== Data extract ==

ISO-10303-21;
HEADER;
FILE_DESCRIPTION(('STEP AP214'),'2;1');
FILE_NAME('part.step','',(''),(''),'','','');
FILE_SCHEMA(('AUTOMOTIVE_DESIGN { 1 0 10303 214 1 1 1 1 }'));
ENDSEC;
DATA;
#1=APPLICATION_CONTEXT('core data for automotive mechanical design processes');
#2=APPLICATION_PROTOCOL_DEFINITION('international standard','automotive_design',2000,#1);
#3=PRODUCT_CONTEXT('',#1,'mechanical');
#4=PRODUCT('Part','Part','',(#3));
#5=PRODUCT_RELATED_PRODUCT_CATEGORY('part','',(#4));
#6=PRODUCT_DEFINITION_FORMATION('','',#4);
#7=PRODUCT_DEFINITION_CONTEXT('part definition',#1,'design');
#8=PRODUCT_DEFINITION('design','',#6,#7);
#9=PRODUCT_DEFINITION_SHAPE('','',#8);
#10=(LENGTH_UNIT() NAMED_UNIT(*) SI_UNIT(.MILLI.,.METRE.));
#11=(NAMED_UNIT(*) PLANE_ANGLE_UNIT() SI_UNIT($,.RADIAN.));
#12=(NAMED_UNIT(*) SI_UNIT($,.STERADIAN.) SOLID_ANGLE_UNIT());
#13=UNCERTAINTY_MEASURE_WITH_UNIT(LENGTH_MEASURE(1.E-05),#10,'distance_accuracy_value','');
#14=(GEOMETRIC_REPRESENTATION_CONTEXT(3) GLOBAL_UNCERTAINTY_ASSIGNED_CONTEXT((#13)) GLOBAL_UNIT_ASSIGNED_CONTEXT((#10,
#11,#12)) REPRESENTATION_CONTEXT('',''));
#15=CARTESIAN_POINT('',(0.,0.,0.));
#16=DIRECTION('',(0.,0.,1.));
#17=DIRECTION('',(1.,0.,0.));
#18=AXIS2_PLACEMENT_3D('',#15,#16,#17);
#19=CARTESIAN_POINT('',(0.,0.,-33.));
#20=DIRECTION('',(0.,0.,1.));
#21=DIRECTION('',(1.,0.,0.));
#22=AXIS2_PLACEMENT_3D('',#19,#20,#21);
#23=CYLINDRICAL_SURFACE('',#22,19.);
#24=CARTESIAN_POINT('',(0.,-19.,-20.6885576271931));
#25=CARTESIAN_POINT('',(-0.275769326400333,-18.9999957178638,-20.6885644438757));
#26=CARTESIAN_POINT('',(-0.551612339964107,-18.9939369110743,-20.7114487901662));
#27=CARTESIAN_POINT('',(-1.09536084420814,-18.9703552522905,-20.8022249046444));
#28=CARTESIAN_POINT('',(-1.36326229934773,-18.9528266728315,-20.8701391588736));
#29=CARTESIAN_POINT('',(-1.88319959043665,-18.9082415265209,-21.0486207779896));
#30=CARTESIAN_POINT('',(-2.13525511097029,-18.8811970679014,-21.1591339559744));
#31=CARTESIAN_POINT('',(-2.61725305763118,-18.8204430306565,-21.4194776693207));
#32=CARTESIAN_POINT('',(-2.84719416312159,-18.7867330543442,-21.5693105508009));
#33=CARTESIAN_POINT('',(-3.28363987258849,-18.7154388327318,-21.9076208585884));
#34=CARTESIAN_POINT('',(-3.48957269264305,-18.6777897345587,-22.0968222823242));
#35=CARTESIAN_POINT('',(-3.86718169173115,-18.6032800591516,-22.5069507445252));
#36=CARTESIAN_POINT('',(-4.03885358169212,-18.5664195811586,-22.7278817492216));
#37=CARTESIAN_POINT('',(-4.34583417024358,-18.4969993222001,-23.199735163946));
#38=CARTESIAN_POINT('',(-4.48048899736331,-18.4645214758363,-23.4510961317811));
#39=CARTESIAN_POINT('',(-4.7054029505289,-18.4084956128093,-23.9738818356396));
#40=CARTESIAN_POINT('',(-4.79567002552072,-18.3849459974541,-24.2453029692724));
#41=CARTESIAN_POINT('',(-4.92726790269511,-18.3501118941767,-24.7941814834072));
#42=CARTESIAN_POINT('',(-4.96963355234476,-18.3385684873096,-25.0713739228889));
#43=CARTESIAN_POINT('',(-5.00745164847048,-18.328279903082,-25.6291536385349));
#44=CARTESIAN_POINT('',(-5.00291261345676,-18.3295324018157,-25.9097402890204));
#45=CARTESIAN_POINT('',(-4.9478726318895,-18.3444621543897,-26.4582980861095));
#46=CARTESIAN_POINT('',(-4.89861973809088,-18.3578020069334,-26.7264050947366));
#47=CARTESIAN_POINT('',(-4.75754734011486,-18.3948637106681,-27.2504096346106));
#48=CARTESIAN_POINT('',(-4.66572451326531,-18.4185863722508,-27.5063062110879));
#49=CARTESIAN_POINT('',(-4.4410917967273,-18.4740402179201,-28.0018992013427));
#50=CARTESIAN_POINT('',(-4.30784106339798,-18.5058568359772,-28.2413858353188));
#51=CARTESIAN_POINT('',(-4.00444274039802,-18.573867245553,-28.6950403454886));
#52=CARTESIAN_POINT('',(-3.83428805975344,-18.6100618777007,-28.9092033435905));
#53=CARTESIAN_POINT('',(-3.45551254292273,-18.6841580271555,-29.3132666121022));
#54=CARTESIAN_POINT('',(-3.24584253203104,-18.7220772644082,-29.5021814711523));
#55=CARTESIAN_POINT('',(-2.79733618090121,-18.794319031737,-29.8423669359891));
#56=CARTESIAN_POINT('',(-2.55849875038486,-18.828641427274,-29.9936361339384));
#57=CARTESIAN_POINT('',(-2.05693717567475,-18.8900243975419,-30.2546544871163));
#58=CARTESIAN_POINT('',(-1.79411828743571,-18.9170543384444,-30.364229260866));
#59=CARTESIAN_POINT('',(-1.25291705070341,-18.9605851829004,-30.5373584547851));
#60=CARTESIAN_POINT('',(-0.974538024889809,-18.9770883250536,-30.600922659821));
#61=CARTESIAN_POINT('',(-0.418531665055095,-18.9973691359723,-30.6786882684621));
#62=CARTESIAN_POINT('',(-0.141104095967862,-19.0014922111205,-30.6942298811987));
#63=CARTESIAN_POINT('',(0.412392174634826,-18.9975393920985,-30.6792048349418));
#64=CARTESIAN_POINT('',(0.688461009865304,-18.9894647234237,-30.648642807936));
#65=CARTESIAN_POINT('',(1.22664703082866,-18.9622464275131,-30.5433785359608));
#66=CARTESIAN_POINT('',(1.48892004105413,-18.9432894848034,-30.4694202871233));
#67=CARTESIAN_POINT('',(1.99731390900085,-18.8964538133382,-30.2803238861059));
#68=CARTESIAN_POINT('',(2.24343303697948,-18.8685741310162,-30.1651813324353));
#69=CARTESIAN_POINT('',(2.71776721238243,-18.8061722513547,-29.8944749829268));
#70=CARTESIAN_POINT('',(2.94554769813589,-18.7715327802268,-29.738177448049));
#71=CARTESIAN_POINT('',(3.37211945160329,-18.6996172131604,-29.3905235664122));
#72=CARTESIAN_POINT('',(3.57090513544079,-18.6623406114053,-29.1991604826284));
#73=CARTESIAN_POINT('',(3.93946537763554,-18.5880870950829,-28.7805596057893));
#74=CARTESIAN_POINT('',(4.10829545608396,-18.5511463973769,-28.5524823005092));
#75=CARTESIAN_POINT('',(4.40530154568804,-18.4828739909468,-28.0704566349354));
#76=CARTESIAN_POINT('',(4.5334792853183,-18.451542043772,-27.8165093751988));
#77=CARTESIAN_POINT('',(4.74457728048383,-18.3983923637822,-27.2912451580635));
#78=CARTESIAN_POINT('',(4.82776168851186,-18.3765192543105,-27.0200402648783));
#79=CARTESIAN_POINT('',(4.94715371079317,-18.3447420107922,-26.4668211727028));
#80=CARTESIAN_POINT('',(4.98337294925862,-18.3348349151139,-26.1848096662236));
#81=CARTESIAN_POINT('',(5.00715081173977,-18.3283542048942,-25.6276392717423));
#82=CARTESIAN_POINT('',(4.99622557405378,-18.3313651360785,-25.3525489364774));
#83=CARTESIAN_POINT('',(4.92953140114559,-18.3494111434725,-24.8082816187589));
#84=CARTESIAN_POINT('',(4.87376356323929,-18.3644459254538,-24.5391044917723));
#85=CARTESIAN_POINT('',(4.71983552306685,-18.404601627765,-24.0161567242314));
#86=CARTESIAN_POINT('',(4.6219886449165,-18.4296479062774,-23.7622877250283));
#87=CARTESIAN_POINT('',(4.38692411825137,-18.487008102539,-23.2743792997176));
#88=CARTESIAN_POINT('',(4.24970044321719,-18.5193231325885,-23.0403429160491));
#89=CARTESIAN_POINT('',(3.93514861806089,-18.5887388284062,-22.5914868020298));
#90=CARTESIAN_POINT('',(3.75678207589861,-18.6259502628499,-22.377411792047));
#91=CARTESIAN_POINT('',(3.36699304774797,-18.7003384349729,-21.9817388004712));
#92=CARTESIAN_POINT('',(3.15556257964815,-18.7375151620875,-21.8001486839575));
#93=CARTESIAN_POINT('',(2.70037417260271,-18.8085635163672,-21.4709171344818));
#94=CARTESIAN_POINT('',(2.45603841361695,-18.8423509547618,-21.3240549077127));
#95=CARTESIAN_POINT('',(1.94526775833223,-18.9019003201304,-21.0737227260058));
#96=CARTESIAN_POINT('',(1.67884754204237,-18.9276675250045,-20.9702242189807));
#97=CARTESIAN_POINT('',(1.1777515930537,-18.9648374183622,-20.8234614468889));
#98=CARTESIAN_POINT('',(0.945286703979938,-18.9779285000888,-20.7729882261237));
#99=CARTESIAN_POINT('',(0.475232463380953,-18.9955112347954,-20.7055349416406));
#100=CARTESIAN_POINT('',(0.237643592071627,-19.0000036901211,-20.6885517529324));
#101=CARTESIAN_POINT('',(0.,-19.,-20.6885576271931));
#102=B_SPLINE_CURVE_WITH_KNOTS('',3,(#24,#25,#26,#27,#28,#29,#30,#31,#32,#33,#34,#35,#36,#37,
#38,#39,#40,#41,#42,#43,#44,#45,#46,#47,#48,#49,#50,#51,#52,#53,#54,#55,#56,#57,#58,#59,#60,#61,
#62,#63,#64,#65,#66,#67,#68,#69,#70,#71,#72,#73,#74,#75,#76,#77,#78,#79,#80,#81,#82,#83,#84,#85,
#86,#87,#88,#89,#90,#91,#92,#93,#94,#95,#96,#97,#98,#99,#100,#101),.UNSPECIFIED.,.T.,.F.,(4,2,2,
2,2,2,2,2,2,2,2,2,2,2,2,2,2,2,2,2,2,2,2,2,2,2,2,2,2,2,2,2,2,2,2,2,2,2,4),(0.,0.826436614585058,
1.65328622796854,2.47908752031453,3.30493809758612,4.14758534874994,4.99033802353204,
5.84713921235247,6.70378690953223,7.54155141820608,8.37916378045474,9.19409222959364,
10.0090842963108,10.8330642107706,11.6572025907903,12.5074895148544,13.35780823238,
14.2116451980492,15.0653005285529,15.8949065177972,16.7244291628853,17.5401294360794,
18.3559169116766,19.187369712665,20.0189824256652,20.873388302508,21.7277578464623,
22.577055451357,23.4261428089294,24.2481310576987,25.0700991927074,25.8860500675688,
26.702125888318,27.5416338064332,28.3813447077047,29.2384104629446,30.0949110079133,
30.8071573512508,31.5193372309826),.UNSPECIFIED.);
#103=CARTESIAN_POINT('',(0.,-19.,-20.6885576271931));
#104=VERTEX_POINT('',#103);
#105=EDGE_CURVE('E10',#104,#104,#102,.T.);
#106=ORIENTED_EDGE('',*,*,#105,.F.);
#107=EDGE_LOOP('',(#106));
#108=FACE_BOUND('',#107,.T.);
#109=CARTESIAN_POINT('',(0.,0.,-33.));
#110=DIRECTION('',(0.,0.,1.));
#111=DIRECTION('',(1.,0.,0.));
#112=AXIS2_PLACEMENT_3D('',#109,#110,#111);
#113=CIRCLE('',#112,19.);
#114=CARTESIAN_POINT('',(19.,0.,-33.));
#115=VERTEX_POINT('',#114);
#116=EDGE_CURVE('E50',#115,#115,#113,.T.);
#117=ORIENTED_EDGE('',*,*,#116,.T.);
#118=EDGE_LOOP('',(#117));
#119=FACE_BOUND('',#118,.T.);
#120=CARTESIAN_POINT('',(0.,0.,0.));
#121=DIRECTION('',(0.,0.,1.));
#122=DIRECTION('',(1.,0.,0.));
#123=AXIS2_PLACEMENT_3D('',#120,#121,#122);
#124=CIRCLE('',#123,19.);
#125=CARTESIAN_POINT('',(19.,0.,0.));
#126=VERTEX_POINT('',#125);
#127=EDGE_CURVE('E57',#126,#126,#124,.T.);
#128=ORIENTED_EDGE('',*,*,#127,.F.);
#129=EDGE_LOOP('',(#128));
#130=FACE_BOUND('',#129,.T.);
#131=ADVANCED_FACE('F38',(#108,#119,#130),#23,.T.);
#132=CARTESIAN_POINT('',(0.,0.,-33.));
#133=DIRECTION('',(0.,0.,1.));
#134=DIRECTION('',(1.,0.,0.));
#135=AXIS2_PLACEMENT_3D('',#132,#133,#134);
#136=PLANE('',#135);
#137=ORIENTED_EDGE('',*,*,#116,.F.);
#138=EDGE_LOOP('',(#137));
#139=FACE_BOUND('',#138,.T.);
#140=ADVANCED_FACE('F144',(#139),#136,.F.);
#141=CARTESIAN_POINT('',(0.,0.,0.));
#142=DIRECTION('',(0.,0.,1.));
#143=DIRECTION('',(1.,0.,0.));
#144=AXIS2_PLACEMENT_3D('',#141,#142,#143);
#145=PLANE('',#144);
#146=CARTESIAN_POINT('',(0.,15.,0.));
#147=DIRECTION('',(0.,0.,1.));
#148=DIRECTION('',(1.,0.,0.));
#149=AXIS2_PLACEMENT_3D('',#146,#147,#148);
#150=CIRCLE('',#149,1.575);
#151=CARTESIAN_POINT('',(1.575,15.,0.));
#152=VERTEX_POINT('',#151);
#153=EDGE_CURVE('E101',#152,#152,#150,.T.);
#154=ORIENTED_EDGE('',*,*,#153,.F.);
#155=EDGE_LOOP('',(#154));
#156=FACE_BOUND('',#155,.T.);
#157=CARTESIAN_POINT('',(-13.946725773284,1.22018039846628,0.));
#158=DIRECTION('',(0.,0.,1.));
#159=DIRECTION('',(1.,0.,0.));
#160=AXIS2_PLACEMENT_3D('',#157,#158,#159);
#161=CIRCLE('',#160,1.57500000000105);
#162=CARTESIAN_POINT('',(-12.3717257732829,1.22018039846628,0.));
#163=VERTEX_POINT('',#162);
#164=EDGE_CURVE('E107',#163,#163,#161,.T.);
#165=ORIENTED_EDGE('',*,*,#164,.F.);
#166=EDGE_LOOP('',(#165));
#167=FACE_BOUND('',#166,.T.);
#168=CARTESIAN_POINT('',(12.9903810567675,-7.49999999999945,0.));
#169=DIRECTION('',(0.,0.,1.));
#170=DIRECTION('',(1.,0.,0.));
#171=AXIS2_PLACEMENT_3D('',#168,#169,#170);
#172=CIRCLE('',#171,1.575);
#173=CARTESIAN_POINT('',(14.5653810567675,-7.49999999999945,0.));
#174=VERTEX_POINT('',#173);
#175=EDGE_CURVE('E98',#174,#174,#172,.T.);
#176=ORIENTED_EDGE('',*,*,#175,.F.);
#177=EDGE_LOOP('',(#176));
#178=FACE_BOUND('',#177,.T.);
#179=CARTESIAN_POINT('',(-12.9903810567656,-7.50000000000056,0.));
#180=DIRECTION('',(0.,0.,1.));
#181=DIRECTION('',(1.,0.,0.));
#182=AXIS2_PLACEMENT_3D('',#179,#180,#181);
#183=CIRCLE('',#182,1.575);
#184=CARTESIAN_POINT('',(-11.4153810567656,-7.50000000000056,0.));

===

Task to carry out -> This exercise asks for an exact repeat of the lines from the one holding "#138=EDGE_LOOP('',(#137));" through the end of the data above.

Response area ->
#138=EDGE_LOOP('',(#137));
#139=FACE_BOUND('',#138,.T.);
#140=ADVANCED_FACE('F144',(#139),#136,.F.);
#141=CARTESIAN_POINT('',(0.,0.,0.));
#142=DIRECTION('',(0.,0.,1.));
#143=DIRECTION('',(1.,0.,0.));
#144=AXIS2_PLACEMENT_3D('',#141,#142,#143);
#145=PLANE('',#144);
#146=CARTESIAN_POINT('',(0.,15.,0.));
#147=DIRECTION('',(0.,0.,1.));
#148=DIRECTION('',(1.,0.,0.));
#149=AXIS2_PLACEMENT_3D('',#146,#147,#148);
#150=CIRCLE('',#149,1.575);
#151=CARTESIAN_POINT('',(1.575,15.,0.));
#152=VERTEX_POINT('',#151);
#153=EDGE_CURVE('E101',#152,#152,#150,.T.);
#154=ORIENTED_EDGE('',*,*,#153,.F.);
#155=EDGE_LOOP('',(#154));
#156=FACE_BOUND('',#155,.T.);
#157=CARTESIAN_POINT('',(-13.946725773284,1.22018039846628,0.));
#158=DIRECTION('',(0.,0.,1.));
#159=DIRECTION('',(1.,0.,0.));
#160=AXIS2_PLACEMENT_3D('',#157,#158,#159);
#161=CIRCLE('',#160,1.57500000000105);
#162=CARTESIAN_POINT('',(-12.3717257732829,1.22018039846628,0.));
#163=VERTEX_POINT('',#162);
#164=EDGE_CURVE('E107',#163,#163,#161,.T.);
#165=ORIENTED_EDGE('',*,*,#164,.F.);
#166=EDGE_LOOP('',(#165));
#167=FACE_BOUND('',#166,.T.);
#168=CARTESIAN_POINT('',(12.9903810567675,-7.49999999999945,0.));
#169=DIRECTION('',(0.,0.,1.));
#170=DIRECTION('',(1.,0.,0.));
#171=AXIS2_PLACEMENT_3D('',#168,#169,#170);
#172=CIRCLE('',#171,1.575);
#173=CARTESIAN_POINT('',(14.5653810567675,-7.49999999999945,0.));
#174=VERTEX_POINT('',#173);
#175=EDGE_CURVE('E98',#174,#174,#172,.T.);
#176=ORIENTED_EDGE('',*,*,#175,.F.);
#177=EDGE_LOOP('',(#176));
#178=FACE_BOUND('',#177,.T.);
#179=CARTESIAN_POINT('',(-12.9903810567656,-7.50000000000056,0.));
#180=DIRECTION('',(0.,0.,1.));
#181=DIRECTION('',(1.,0.,0.));
#182=AXIS2_PLACEMENT_3D('',#179,#180,#181);
#183=CIRCLE('',#182,1.575);
#184=CARTESIAN_POINT('',(-11.4153810567656,-7.50000000000056,0.));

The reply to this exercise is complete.